Again, I get it if that parent genuinely presents the potential for danger to the well-being of your children. But not the made-up kind that you have in your mind, but real, actual, potentially long-term harmful danger. Not ‘your dad is a womanizer so there is no telling how many women will come and go while you are there.’ Not ‘your dad has not paid enough money to help me support you, so he cannot see you.’ Not ‘you treated me bad, so I will not let you see your children. ‘
When I say danger, I am referring to someone who has molested, or physically, verbally, or emotionally abused their own child. If this is occurring the other parent needs to get help, then let your children’s clinical professional help determine if, when, and how to reopen that door.
Short of that, I would tell you that too many people are using their children to strike back at the person who hurt them. Stop it. Children are too important to our future and too important to our present for us to use them as pawns in our games of revenge. Stop it.
Adults must act like adults. Adults must always keep the well-being of their children at the center of their thoughts and actions. Our children need us to act like adults and do the right thing. If you were able to make those children 100% by yourself, then fine, do not share them. But if you require help, then stop using them as weapons. Stop basing access to them on a graded checklist.

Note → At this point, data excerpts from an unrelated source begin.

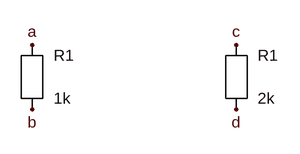
[diagram p0: schematic shared_reference.asc]
shared_reference.asc, the LTspice schematic file:
Version 4
SHEET 1 880 680
FLAG 96 48 a
FLAG 96 144 b
FLAG 400 48 c
FLAG 400 144 d
SYMBOL res 96 96 R0
SYMATTR InstName R1
SYMATTR Value 1k
SYMBOL res 400 96 R0
SYMATTR InstName R1
SYMATTR Value 2k

The netlist it stands for:
* shared_reference.asc
R1 a b 1k
R1 c d 2k
.backanno
.end

No one should have to ask to see their own children. I do not care if they are not acting the way you think they should. No one should go years without seeing their children if they want their children in their lives. No one deserves to have their children withheld from them. That is cruel and heartless.
I encourage parents to put aside their emotions and work through their differences for the sake of the children. You do not have to “be together” to get it together! What is best for the kids? If you think it is best for them not to see the other person because the other person is not a good person, who are you to make that judgment? At some point your children will have to grapple with the 50% of that “not good person” and there is nothing you can do to prevent that. So stop trying to punish your children’s other parent and think of the damage you are doing to that child, who will one day, despite your best efforts, want answers directly from that other parent or a relationship with them.
As you hurt, do not use your children as a salve. Do not weaponize your children against 50% of themselves. Stop it. Despite what you may think of the other person, think of your children more. They deserve, nay, they need, a relationship with both parents in order to feel complete. This is true no matter how bad you think the other person is.
Children should have the benefit of being loved by both parents. Yes, both parents, from time to time, are going to disappoint the children and there is nothing either of you can do to prevent that from happening. You cannot shield your children from themselves. Rather than shielding them, help them embrace the totality of who they are, then provide guardrails and guidance to ensure they make the right choices about who they want to become.
But whatever you do, stop weaponizing your children against someone that is just as much their parent as you are!